Why Use Protocol Buffers?
The example we're going to use is a very simple "address book" application that can read and write people's contact details to and from a file. Each person in the address book has a name, an ID, an email address, and a contact phone number.
How do you serialize and retrieve structured data like this? There are a few ways to solve this problem:
- The raw in-memory data structures can be sent/saved in binary form. Over time, this is a fragile approach, as the receiving/reading code must be compiled with exactly the same memory layout, endianness, etc. Also, as files accumulate data in the raw format and copies of software that are wired for that format are spread around, it's very hard to extend the format.
- You can invent an ad-hoc way to encode the data items into a single string – such as encoding 4 ints as "12:3:-23:67". This is a simple and flexible approach, although it does require writing one-off encoding and parsing code, and the parsing imposes a small run-time cost. This works best for encoding very simple data.
- Serialize the data to XML. This approach can be very attractive since XML is (sort of) human readable and there are binding libraries for lots of languages. This can be a good choice if you want to share data with other applications/projects. However, XML is notoriously space intensive, and encoding/decoding it can impose a huge performance penalty on applications.
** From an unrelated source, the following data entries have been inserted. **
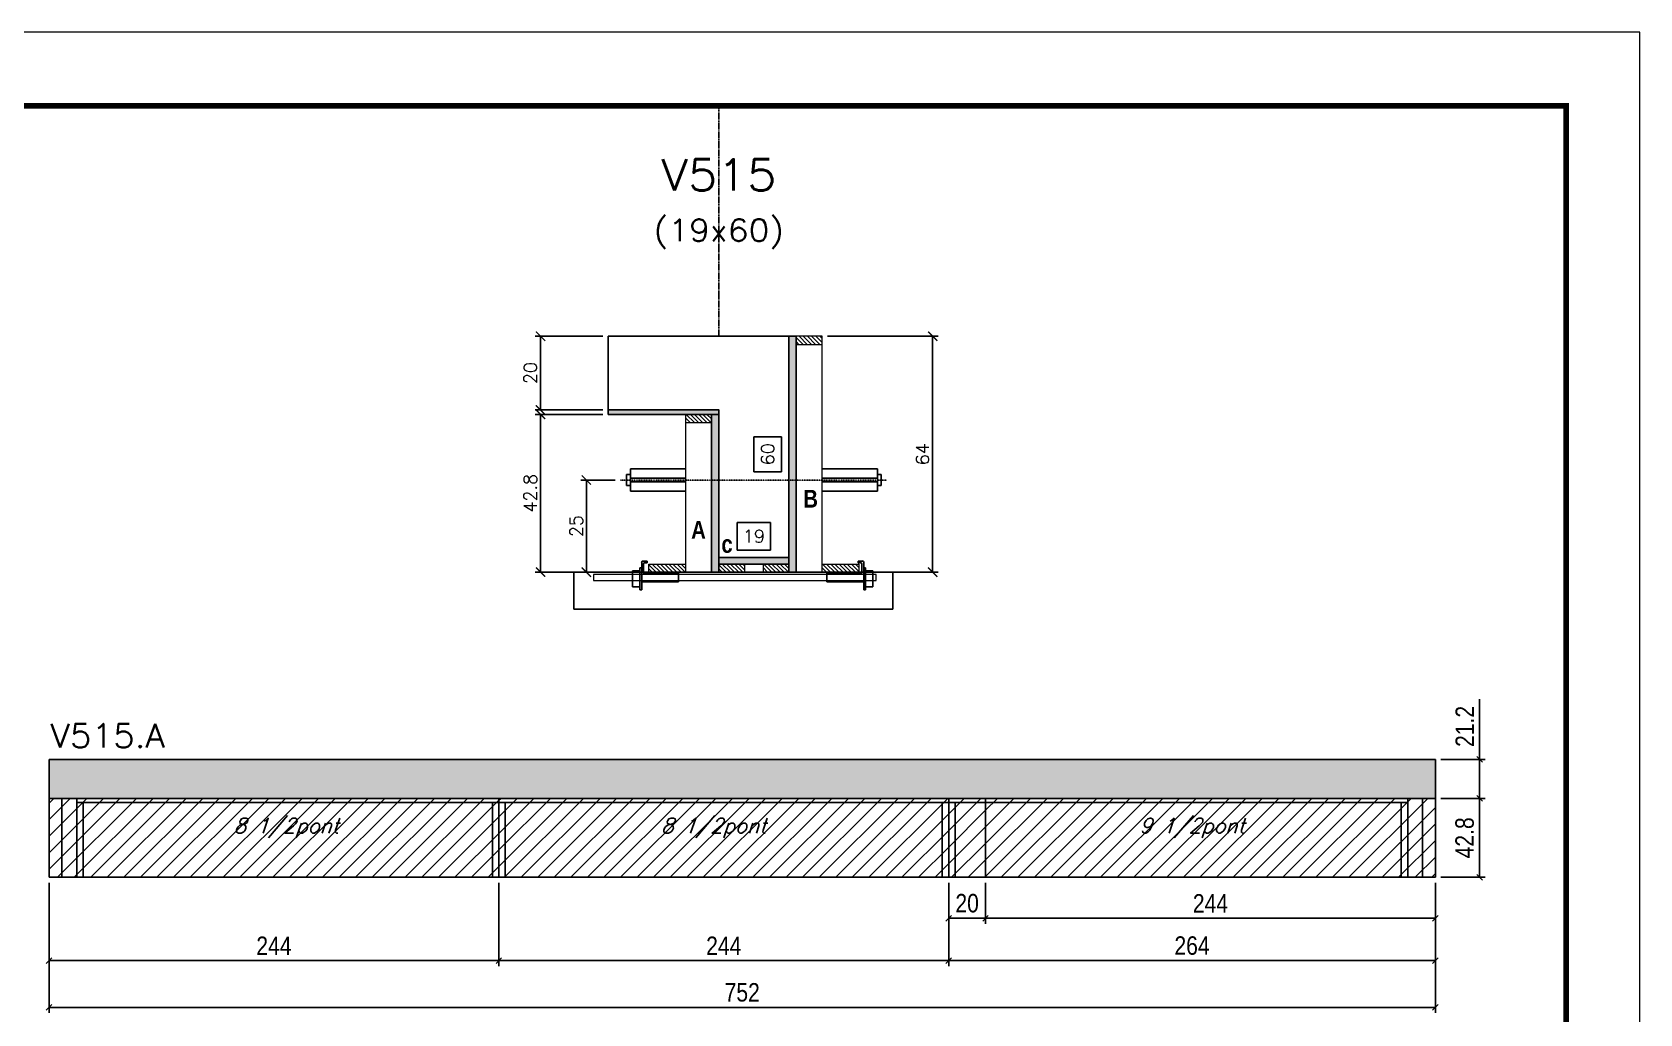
# Model space of a CAD drawing. Extents: x -21493 to -15213, y -12134 to 11887.
# Drawn here: x -19282 to -18410, y 5612 to 6144 of the extents above; entities that cross this region are included whole.
import ezdxf
from ezdxf.enums import TextEntityAlignment as Align

# ---------------------------------------------------------------- set-up
doc = ezdxf.new("R2010")
doc.units = 0
doc.linetypes.add('DASHED', pattern=[0.75, 0.5, -0.25])
doc.linetypes.add('HIDDEN', pattern=[0.375, 0.25, -0.125])
for name, color, linetype in [('barrote', 251, 'Continuous'), ('COTA', 241, 'Continuous'), ('Cota Seção (2x)', 4, 'Continuous'), ('detalhes', 4, 'Continuous'), ('Painéis', 200, 'Continuous'), ('presilha', 1, 'Continuous'), ('Reaproveitamento', 251, 'Continuous'), ('SARR_2.2x7', 40, 'Continuous'), ('SARR_3.5x7', 81, 'Continuous'), ('TENSOR', 3, 'Continuous'), ('texto', 7, 'Continuous'), ('Texto de Titulo', 7, 'Continuous'), ('Texto Qtd Sarr', 242, 'Continuous')]:
    doc.layers.add(name, color=color, linetype=linetype)
for name, color, linetype, lineweight in [('CONCRETO', 251, 'Continuous', 25), ('Folhas', 255, 'Continuous', 9), ('Hachura', 251, 'Continuous', 9), ('Madeira', 126, 'Continuous', 18), ('SARRAFO DE PRESSAO', 251, 'DASHED', 9), ('SCO-___-LAJ', 2, 'Continuous', 0), ('Texto Seção', 7, 'Continuous', 15)]:
    doc.layers.add(name, color=color, linetype=linetype, lineweight=lineweight)
doc.styles.add('COTA TECNICA', font='techl___.ttf', dxfattribs={"height": 10})
doc.styles.add('REGUA-120', font='ROMANS.shx', dxfattribs={"height": 15})
doc.styles.add('Romans', font='romans.shx')
doc.styles.add('TECNICA', font='techb___.ttf', dxfattribs={"height": 10})
doc.dimstyles.new('Cota Seção (2x)', dxfattribs={"dimtxt": 7, "dimasz": 5, "dimexe": 3, "dimexo": 3, "dimgap": 2, "dimtad": 3, "dimdec": 1, "dimlfac": 0.5, "dimzin": 12, "dimdsep": 46, "dimtxsty": 'Romans', "dimblk": 'ARCHTICK', "dimcen": 0, "dimclrd": 4, "dimclre": 4, "dimclrt": 1, "dimadec": 1, "dimazin": 3, "dimtfac": 1, "dimtdec": 1, "dimtmove": 0, "dimatfit": 3, "dimldrblk": 'OBLIQUE', "dimfxl": 1, "dimtolj": 1, "dimtzin": 12, "dimarcsym": 0})
doc.dimstyles.new('Cota Seção interna', dxfattribs={"dimtxt": 7, "dimasz": 6, "dimexe": 0.18, "dimexo": 2, "dimgap": -4, "dimtad": 3, "dimdec": 1, "dimlfac": 0.5, "dimzin": 12, "dimdsep": 46, "dimtxsty": 'Romans', "dimblk": 'ARCHTICK', "dimcen": 0.09, "dimse1": 1, "dimse2": 1, "dimsd1": 1, "dimsd2": 1, "dimclrd": 180, "dimclre": 5, "dimclrt": 1, "dimadec": 0, "dimazin": 3, "dimtfac": 1, "dimtdec": 1, "dimtofl": 0, "dimtmove": 0, "dimatfit": 3, "dimldrblk": 'ARCHTICK', "dimfxl": 1, "dimtolj": 1, "dimtzin": 0, "dimarcsym": 0})
doc.dimstyles.new('PAINEL', dxfattribs={"dimtxt": 10, "dimasz": 3, "dimexe": 3, "dimexo": 3, "dimgap": 3, "dimtad": 1, "dimdec": 1, "dimzin": 12, "dimdsep": 46, "dimtxsty": 'COTA TECNICA', "dimblk1": 'OBLIQUE', "dimblk2": 'OBLIQUE', "dimsah": 1, "dimcen": 0.9, "dimclrd": 4, "dimclre": 4, "dimclrt": 240, "dimadec": 1, "dimazin": 3, "dimtfac": 1, "dimtdec": 1, "dimtmove": 0, "dimatfit": 3, "dimfxl": 1, "dimtolj": 1, "dimtzin": 12, "dimarcsym": 0})
pattern_1 = [(45, (-161732.8605, -27192.8424), (-4.49012806, 4.49012806), [])]

# ---------------------------------------------------------------- blocks, each defined once
blk = doc.blocks.new('_Oblique')
at = {"color": 0, "linetype": 'ByBlock', "lineweight": -2}
blk.add_line((-0.5, -0.5), (0.5, 0.5), dxfattribs=at)
blk = doc.blocks.new('*D126')
at = {"layer": 'COTA', "color": 4, "linetype": 'ByBlock', "lineweight": -2, "transparency": 16777216}
for p, q in [((-19272.81, 5682.79), (-19272.81, 5637.57)), ((-19028.81, 5682.79), (-19028.81, 5637.57)), ((-19272.81, 5640.57), (-19028.81, 5640.57))]:
    blk.add_line(p, q, dxfattribs=at)
at = {"layer": 'Defpoints', "color": 0, "linetype": 'ByBlock', "transparency": 16777216}
for p in [(-19272.81, 5685.79), (-19028.81, 5685.79), (-19028.81, 5640.57)]:
    blk.add_point(p, dxfattribs=at)
at = {"layer": 'COTA', "color": 4, "linetype": 'ByBlock', "lineweight": -2, "transparency": 16777216, "xscale": 3, "yscale": 3, "zscale": 3, "rotation": 180}
blk.add_blockref('_Oblique', (-19272.81, 5640.57), dxfattribs=at)
at = {"layer": 'COTA', "color": 4, "linetype": 'ByBlock', "lineweight": -2, "transparency": 16777216, "xscale": 3, "yscale": 3, "zscale": 3}
blk.add_blockref('_Oblique', (-19028.81, 5640.57), dxfattribs=at)
at = {"layer": 'COTA', "color": 240, "linetype": 'ByBlock', "transparency": 16777216, "insert": (-19150.81, 5648.64), "char_height": 10, "attachment_point": 5, "style": 'COTA TECNICA'}
blk.add_mtext('\\A1;244', dxfattribs=at)
blk = doc.blocks.new('*D127')
at = {"layer": 'COTA', "color": 4, "linetype": 'ByBlock', "lineweight": -2, "transparency": 16777216}
for p, q in [((-19028.81, 5682.79), (-19028.81, 5637.57)), ((-18784.81, 5682.79), (-18784.81, 5637.57)), ((-19028.81, 5640.57), (-18784.81, 5640.57))]:
    blk.add_line(p, q, dxfattribs=at)
at = {"layer": 'Defpoints', "color": 0, "linetype": 'ByBlock', "transparency": 16777216}
for p in [(-19028.81, 5685.79), (-18784.81, 5685.79), (-18784.81, 5640.57)]:
    blk.add_point(p, dxfattribs=at)
at = {"layer": 'COTA', "color": 4, "linetype": 'ByBlock', "lineweight": -2, "transparency": 16777216, "xscale": 3, "yscale": 3, "zscale": 3, "rotation": 180}
blk.add_blockref('_Oblique', (-19028.81, 5640.57), dxfattribs=at)
at = {"layer": 'COTA', "color": 4, "linetype": 'ByBlock', "lineweight": -2, "transparency": 16777216, "xscale": 3, "yscale": 3, "zscale": 3}
blk.add_blockref('_Oblique', (-18784.81, 5640.57), dxfattribs=at)
at = {"layer": 'COTA', "color": 240, "linetype": 'ByBlock', "transparency": 16777216, "insert": (-18906.81, 5648.64), "char_height": 10, "attachment_point": 5, "style": 'COTA TECNICA'}
blk.add_mtext('\\A1;244', dxfattribs=at)
blk = doc.blocks.new('*D128')
at = {"layer": 'COTA', "color": 4, "linetype": 'ByBlock', "lineweight": -2, "transparency": 16777216}
for p, q in [((-18784.81, 5682.79), (-18784.81, 5637.57)), ((-18520.81, 5682.79), (-18520.81, 5637.57)), ((-18520.81, 5640.57), (-18784.81, 5640.57))]:
    blk.add_line(p, q, dxfattribs=at)
at = {"layer": 'Defpoints', "color": 0, "linetype": 'ByBlock', "transparency": 16777216}
for p in [(-18784.81, 5685.79), (-18520.81, 5685.79), (-18784.81, 5640.57)]:
    blk.add_point(p, dxfattribs=at)
at = {"layer": 'COTA', "color": 4, "linetype": 'ByBlock', "lineweight": -2, "transparency": 16777216, "xscale": 3, "yscale": 3, "zscale": 3, "rotation": 180}
blk.add_blockref('_Oblique', (-18784.81, 5640.57), dxfattribs=at)
at = {"layer": 'COTA', "color": 4, "linetype": 'ByBlock', "lineweight": -2, "transparency": 16777216, "xscale": 3, "yscale": 3, "zscale": 3}
blk.add_blockref('_Oblique', (-18520.81, 5640.57), dxfattribs=at)
at = {"layer": 'COTA', "color": 240, "linetype": 'ByBlock', "transparency": 16777216, "insert": (-18652.81, 5648.67), "char_height": 10, "attachment_point": 5, "style": 'COTA TECNICA'}
blk.add_mtext('\\A1;264', dxfattribs=at)
blk = doc.blocks.new('*D129')
at = {"layer": 'COTA', "color": 4, "linetype": 'ByBlock', "lineweight": -2, "transparency": 16777216}
for p, q in [((-18764.81, 5682.79), (-18764.81, 5660.57)), ((-18520.81, 5682.79), (-18520.81, 5660.57)), ((-18520.81, 5663.57), (-18764.81, 5663.57))]:
    blk.add_line(p, q, dxfattribs=at)
at = {"layer": 'Defpoints', "color": 0, "linetype": 'ByBlock', "transparency": 16777216}
for p in [(-18764.81, 5685.79), (-18520.81, 5685.79), (-18764.81, 5663.57)]:
    blk.add_point(p, dxfattribs=at)
at = {"layer": 'COTA', "color": 4, "linetype": 'ByBlock', "lineweight": -2, "transparency": 16777216, "xscale": 3, "yscale": 3, "zscale": 3, "rotation": 180}
blk.add_blockref('_Oblique', (-18764.81, 5663.57), dxfattribs=at)
at = {"layer": 'COTA', "color": 4, "linetype": 'ByBlock', "lineweight": -2, "transparency": 16777216, "xscale": 3, "yscale": 3, "zscale": 3}
blk.add_blockref('_Oblique', (-18520.81, 5663.57), dxfattribs=at)
at = {"layer": 'COTA', "color": 240, "linetype": 'ByBlock', "transparency": 16777216, "insert": (-18642.81, 5671.65), "char_height": 10, "attachment_point": 5, "style": 'COTA TECNICA'}
blk.add_mtext('\\A1;244', dxfattribs=at)
blk = doc.blocks.new('*D130')
at = {"layer": 'COTA', "color": 4, "linetype": 'ByBlock', "lineweight": -2, "transparency": 16777216}
for p, q in [((-18784.81, 5682.79), (-18784.81, 5660.57)), ((-18764.81, 5682.79), (-18764.81, 5660.57)), ((-18764.81, 5663.57), (-18784.81, 5663.57))]:
    blk.add_line(p, q, dxfattribs=at)
at = {"layer": 'Defpoints', "color": 0, "linetype": 'ByBlock', "transparency": 16777216}
for p in [(-18784.81, 5685.79), (-18764.81, 5685.79), (-18784.81, 5663.57)]:
    blk.add_point(p, dxfattribs=at)
at = {"layer": 'COTA', "color": 4, "linetype": 'ByBlock', "lineweight": -2, "transparency": 16777216, "xscale": 3, "yscale": 3, "zscale": 3, "rotation": 180}
blk.add_blockref('_Oblique', (-18784.81, 5663.57), dxfattribs=at)
at = {"layer": 'COTA', "color": 4, "linetype": 'ByBlock', "lineweight": -2, "transparency": 16777216, "xscale": 3, "yscale": 3, "zscale": 3}
blk.add_blockref('_Oblique', (-18764.81, 5663.57), dxfattribs=at)
at = {"layer": 'COTA', "color": 240, "linetype": 'ByBlock', "transparency": 16777216, "insert": (-18774.81, 5671.68), "char_height": 10, "attachment_point": 5, "style": 'COTA TECNICA'}
blk.add_mtext('\\A1;20', dxfattribs=at)
blk = doc.blocks.new('*D141')
at = {"layer": 'COTA', "color": 4, "linetype": 'ByBlock', "lineweight": -2, "transparency": 16777216}
for p, q in [((-18496.82, 5749.79), (-18496.82, 5782.52)), ((-18517.81, 5749.79), (-18493.82, 5749.79)), ((-18496.82, 5728.59), (-18496.82, 5749.79)), ((-18517.81, 5728.59), (-18493.82, 5728.59))]:
    blk.add_line(p, q, dxfattribs=at)
at = {"layer": 'Defpoints', "color": 0, "linetype": 'ByBlock', "transparency": 16777216}
for p in [(-18520.81, 5749.79), (-18520.81, 5728.59), (-18496.82, 5728.59)]:
    blk.add_point(p, dxfattribs=at)
at = {"layer": 'COTA', "color": 4, "linetype": 'ByBlock', "lineweight": -2, "transparency": 16777216, "xscale": 3, "yscale": 3, "zscale": 3}
for p, rotation in [((-18496.82, 5749.79), 90), ((-18496.82, 5728.59), 270)]:
    blk.add_blockref('_Oblique', p, dxfattribs=dict(at, rotation=rotation))
at = {"layer": 'COTA', "color": 240, "linetype": 'ByBlock', "transparency": 16777216, "insert": (-18504.88, 5767.66), "char_height": 10, "attachment_point": 5, "rotation": 90, "style": 'COTA TECNICA'}
blk.add_mtext('\\A1;21.2', dxfattribs=at)
blk = doc.blocks.new('*D142')
at = {"layer": 'COTA', "color": 4, "linetype": 'ByBlock', "lineweight": -2, "transparency": 16777216}
for p, q in [((-18517.81, 5728.59), (-18493.82, 5728.59)), ((-18496.82, 5728.59), (-18496.82, 5685.79)), ((-18517.81, 5685.79), (-18493.82, 5685.79))]:
    blk.add_line(p, q, dxfattribs=at)
at = {"layer": 'Defpoints', "color": 0, "linetype": 'ByBlock', "transparency": 16777216}
for p in [(-18520.81, 5728.59), (-18520.81, 5685.79), (-18496.82, 5685.79)]:
    blk.add_point(p, dxfattribs=at)
at = {"layer": 'COTA', "color": 4, "linetype": 'ByBlock', "lineweight": -2, "transparency": 16777216, "xscale": 3, "yscale": 3, "zscale": 3}
for p, rotation in [((-18496.82, 5728.59), 90), ((-18496.82, 5685.79), 270)]:
    blk.add_blockref('_Oblique', p, dxfattribs=dict(at, rotation=rotation))
at = {"layer": 'COTA', "color": 240, "linetype": 'ByBlock', "transparency": 16777216, "insert": (-18504.92, 5707.19), "char_height": 10, "attachment_point": 5, "rotation": 90, "style": 'COTA TECNICA'}
blk.add_mtext('\\A1;42.8', dxfattribs=at)
blk = doc.blocks.new('titulo1')
at = {"layer": 'Defpoints', "color": 252, "linetype": 'HIDDEN', "ltscale": 2}
blk.add_line((0, 0), (0, 125), dxfattribs=at)
at = {"layer": 'Defpoints', "style": 'Romans', "oblique": 15}
blk.add_attdef('FOLHA', text='', height=10, dxfattribs=at).set_placement((0, 15.58), align=Align.MIDDLE_CENTER)
at = {"layer": 'Texto Qtd Sarr', "color": 3, "style": 'Romans', "oblique": 15}
for tag, height, p in [('TITULO', 17, (0, 71.45)), ('SEÇÃO', 12, (0, 41.55))]:
    blk.add_attdef(tag, text='', height=height, dxfattribs=at).set_placement(p, align=Align.MIDDLE_CENTER)
blk = doc.blocks.new('_ArchTick')
at = {"color": 0, "linetype": 'ByBlock', "const_width": 0.15}
blk.add_lwpolyline([(-0.5, -0.5), (0.5, 0.5)], dxfattribs=at)
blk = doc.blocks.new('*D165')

Also, navigating an XML DOM tree is considerably more complicated than navigating simple fields in a class normally would be.
Protocol buffers are the flexible, efficient, automated solution to solve exactly this problem. With protocol buffers, you write a .proto
description of the data structure you wish to store. From that, the protocol buffer compiler creates a class that implements automatic encoding and parsing of the protocol buffer data with an efficient binary format. The generated class provides getters and setters for the fields that make up a protocol buffer and takes care of the details of reading and writing the protocol buffer as a unit. Importantly, the protocol buffer format supports the idea of extending the format over time in such a way that the code can still read data encoded with the old format.
Where to Find the Example Code
The example code is included in the source code package, under the "examples" directory. Download it here.
Defining Your Protocol Format
To create your address book application, you'll need to start with a .proto
file. The definitions in a .proto
file are simple: you add a message for each data structure you want to serialize, then specify a name and a type for each field in the message. Here is the .proto
file that defines your messages, addressbook.proto
.
package tutorial; message Person { required string name = 1; required int32 id = 2; optional string email = 3; enum PhoneType { MOBILE = 0; HOME = 1; WORK = 2; } message PhoneNumber { required string number = 1; optional PhoneType type = 2 [default = HOME]; } repeated PhoneNumber phone = 4; } message AddressBook { repeated Person person = 1; }
As you can see, the syntax is similar to C++ or Java. Let's go through each part of the file and see what it does.
The .proto
file starts with a package declaration, which helps to prevent naming conflicts between different projects. In C++, your generated classes will be placed in a namespace matching the package name.
Next, you have your message definitions. A message is just an aggregate containing a set of typed fields. Many standard simple data types are available as field types, including bool
, int32
, float
, double
, and string
. You can also add further structure to your messages by using other message types as field types – in the above example the Person
message contains PhoneNumber
messages, while the AddressBook
message contains Person
messages. You can even define message types nested inside other messages – as you can see, the PhoneNumber
type is defined inside Person
. You can also define enum
types if you want one of your fields to have one of a predefined list of values – here you want to specify that a phone number can be one of MOBILE
, HOME
, or WORK
.
The " = 1", " = 2" markers on each element identify the unique "tag" that field uses in the binary encoding. Tag numbers 1-15 require one less byte to encode than higher numbers, so as an optimization you can decide to use those tags for the commonly used or repeated elements, leaving tags 16 and higher for less-commonly used optional elements. Each element in a repeated field requires re-encoding the tag number, so repeated fields are particularly good candidates for this optimization.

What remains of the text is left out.